- TASK STATEMENT
Restate the entries below exactly, and keep all images out of the answer.

-- PROVIDED DATA follows --

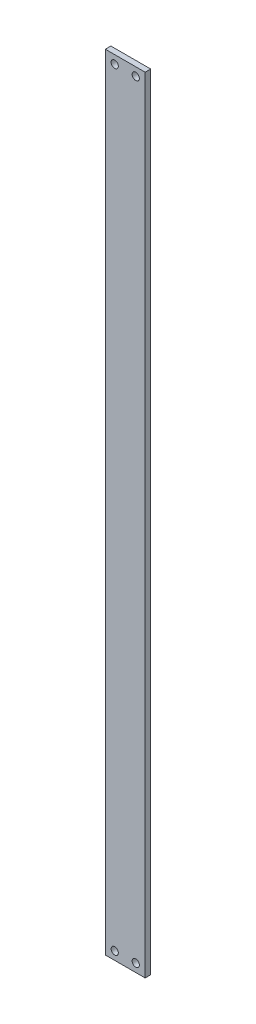
from build123d import *

# Parameters (mm, degrees)
SCHIZZO1_W                   = 36
SCHIZZO1_H                   = 709
SCHIZZO1_R                   = 3.25
ESTRUSIONE_ESTRUSIONE1_DEPTH = 5


with BuildPart() as part:
    # Schizzo1 → Estrusione-Estrusione1 (new body)
    with BuildSketch(Plane.XY.offset(5)):
        with Locations((-20.5, 157)):
            Rectangle(SCHIZZO1_W, SCHIZZO1_H)
        with Locations(Location((-30, -190, 0), (0, 0, 180))):
            Circle(SCHIZZO1_R, mode=Mode.SUBTRACT)
        with Locations(Location((-30, 504, 0), (0, 0, 180))):
            Circle(SCHIZZO1_R, mode=Mode.SUBTRACT)
        with Locations(Location((-11, 504, 0), (0, 0, 180))):
            Circle(SCHIZZO1_R, mode=Mode.SUBTRACT)
        with Locations(Location((-11, -190, 0), (0, 0, 180))):
            Circle(SCHIZZO1_R, mode=Mode.SUBTRACT)
    extrude(amount=-ESTRUSIONE_ESTRUSIONE1_DEPTH)


solid = part.part

-- PROVIDED DATA concluded --

- EXPECTED ANSWER
from build123d import *

# Parameters (mm, degrees)
SCHIZZO1_W                   = 36
SCHIZZO1_H                   = 709
SCHIZZO1_R                   = 3.25
ESTRUSIONE_ESTRUSIONE1_DEPTH = 5


with BuildPart() as part:
    # Schizzo1 → Estrusione-Estrusione1 (new body)
    with BuildSketch(Plane.XY.offset(5)):
        with Locations((-20.5, 157)):
            Rectangle(SCHIZZO1_W, SCHIZZO1_H)
        with Locations(Location((-30, -190, 0), (0, 0, 180))):
            Circle(SCHIZZO1_R, mode=Mode.SUBTRACT)
        with Locations(Location((-30, 504, 0), (0, 0, 180))):
            Circle(SCHIZZO1_R, mode=Mode.SUBTRACT)
        with Locations(Location((-11, 504, 0), (0, 0, 180))):
            Circle(SCHIZZO1_R, mode=Mode.SUBTRACT)
        with Locations(Location((-11, -190, 0), (0, 0, 180))):
            Circle(SCHIZZO1_R, mode=Mode.SUBTRACT)
    extrude(amount=-ESTRUSIONE_ESTRUSIONE1_DEPTH)


solid = part.part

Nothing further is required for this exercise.